At the same time, the Longhorns rose to No. 1 in the AP poll by whipping the Sooners, although the high ranking was more an obligation on the part of voters than genuine respect for their talent. Most in the media felt the level of play in the Big Ten and among the northern independents was simply superior and certainly more entertaining. Carlisle's stat line against OU wasn't going to change any minds -- he threw exactly three passes, completing one.
In 1963, players still went both ways. These were the dying days of two-way play. Three players could be substituted freely in '63; everybody else played the full 60 minutes. Staubach was one of the specialists, never playing a defensive down. Carlisle was a starting safety as a sophomore. "It was the only way to get on the field," he says. Once he took over as QB, he stopped playing defense. That is, until one crucial moment when he saved the undefeated season.
Texas, then 8-0, was eking out a 7-0 nailbiter against Baylor, the lone SWC team devoted to throwing the football, when Texas fumbled late in the game, giving the Bears a chance. Carlisle was trotting off the field when he saw the coaches waving him back in. Defensive coordinator Mike Campbell had a hunch his veteran had retained enough muscle memory as a defensive back to make a play. Sure enough, in the dying seconds, when Baylor's All-American end Lawrence Elkins broke wide open in the end zone, Carlisle intercepted the pass, a stunning play with the game on the line.
Staubach's magic was taking place on a weekly basis. His individual brilliance, in addition to spurring Navy to five straight wins after the SMU game, ushered in the era of the scrambling, as opposed to running, quarterback. Where Carlisle ran it as a planned part of the attack, The Dodger improvised, riffed, scatted -- most plays, it was hard to know whether a run or a pass had been called.
Even his teammates were bedazzled. "I thought I'd seen it all on the football field, but against [the] Duke [Blue Devils], Roger made a play I still can't believe," Lynch says. Navy had a play in which Staubach faked to the fullback, faded back, then jumped and twisted in midair to throw a screen. "But they saw it coming and were all over it. Three defenders were on Roger. He saw the screen was covered, so he came down still holding the ball, swerved to make two of the Duke guys collide into each other, shook off the third tackler and took off about 75 yards for a touchdown." Even today, Lynch's voice is tinged with awe. The Elways and Vicks who followed Staubach never matched Captain America, insist those who saw him play.

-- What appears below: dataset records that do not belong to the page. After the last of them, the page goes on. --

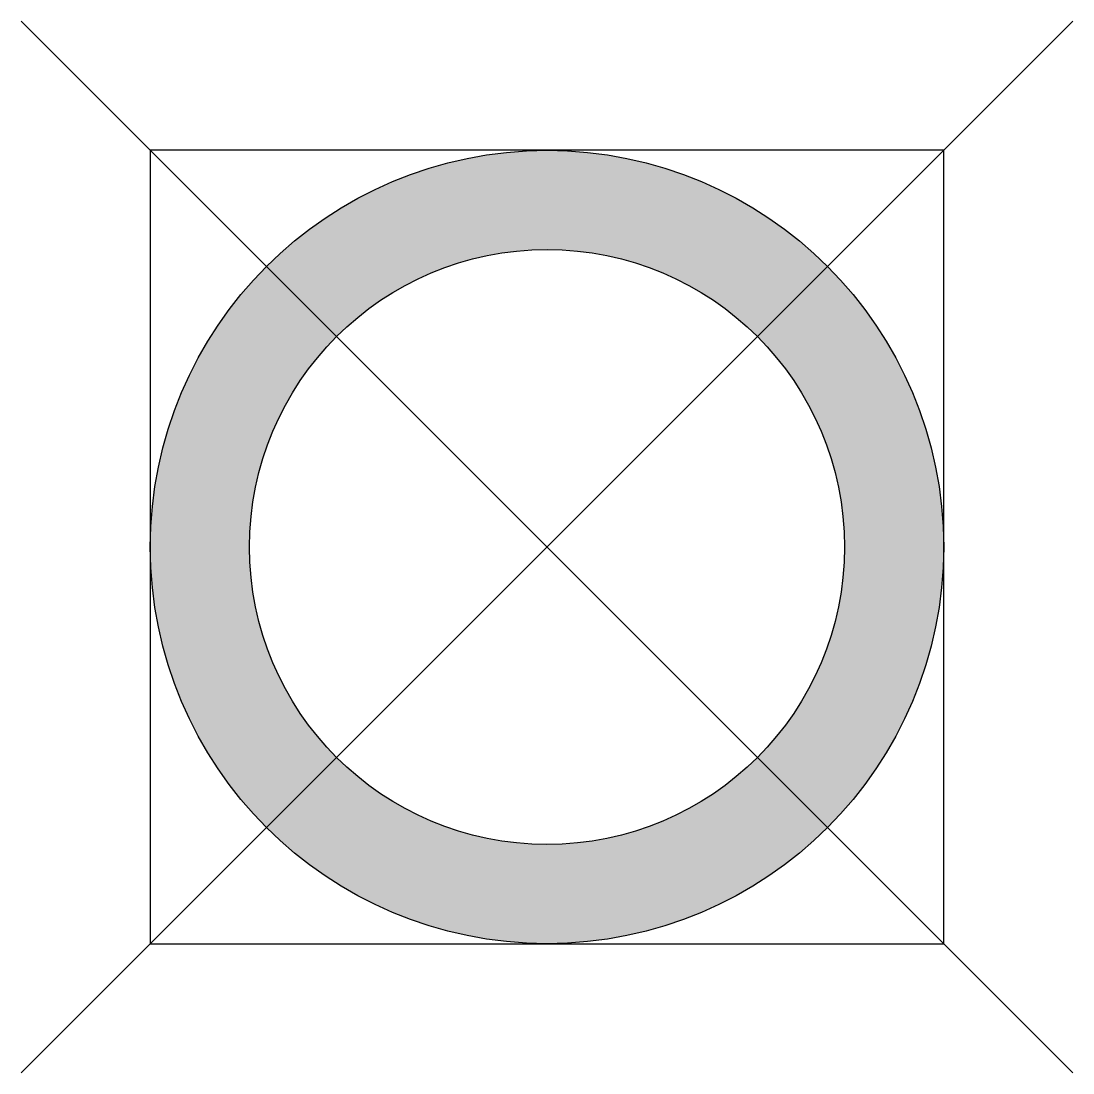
# Model space of a CAD drawing. Extents: x -2.65 to 2.65, y -2.65 to 2.65.
import ezdxf

# ---------------------------------------------------------------- set-up
doc = ezdxf.new("R2010")
doc.units = 0
doc.header["$LTSCALE"] = 0.2

msp = doc.modelspace()

# ---------------------------------------------------------------- hatches: boundary and pattern name
h = msp.add_hatch(color=256)
h.dxf.hatch_style = 1
h.paths.add_polyline_path([(-2, 0, 1), (2, 0, 1)])
h.paths.add_polyline_path([(1.5, 0, -1), (-1.5, 0, -1)], flags=16)

# ---------------------------------------------------------------- linework, layer by layer
for p, q in [((-2.6517, -2.6517), (2.6517, 2.6517)), ((2.6517, -2.6517), (-2.6517, 2.6517))]:
    msp.add_line(p, q)
msp.add_lwpolyline([(-2, -2), (2, -2), (2, 2), (-2, 2)], close=True)
for radius in [2, 1.5]:
    msp.add_circle((0, 0), radius)

doc.saveas('drawing.dxf')

With one game remaining, Texas and Navy were ranked 1-2 in the AP poll. Victory in its last regular-season games would cinch a Cotton Bowl berth for Texas as Southwest Conference champs, and Navy, being an independent, could head to Dallas for a showdown with a win. Momentum was building for the battle when suddenly the polls and football and pretty much everything else were rendered meaningless.
When President Kennedy traveled to Dallas in the fall of '63, it felt like more like a foreign journey than a routine campaign trip. Texas was decidedly hostile territory, right there in the American Southwest. For the occasion of Kennedy's visit, thousands of fliers were printed by local right-wingers, depicting the president's photo, mug-shot style, front and profile, with the words "WANTED FOR TREASON" underneath. But the crowds that greeted JFK on the streets of Dallas on Nov. 22 were rapturous. Riding in the open limousine with Kennedy and wife Jackie were Texas governor John Connally and his wife, Nellie.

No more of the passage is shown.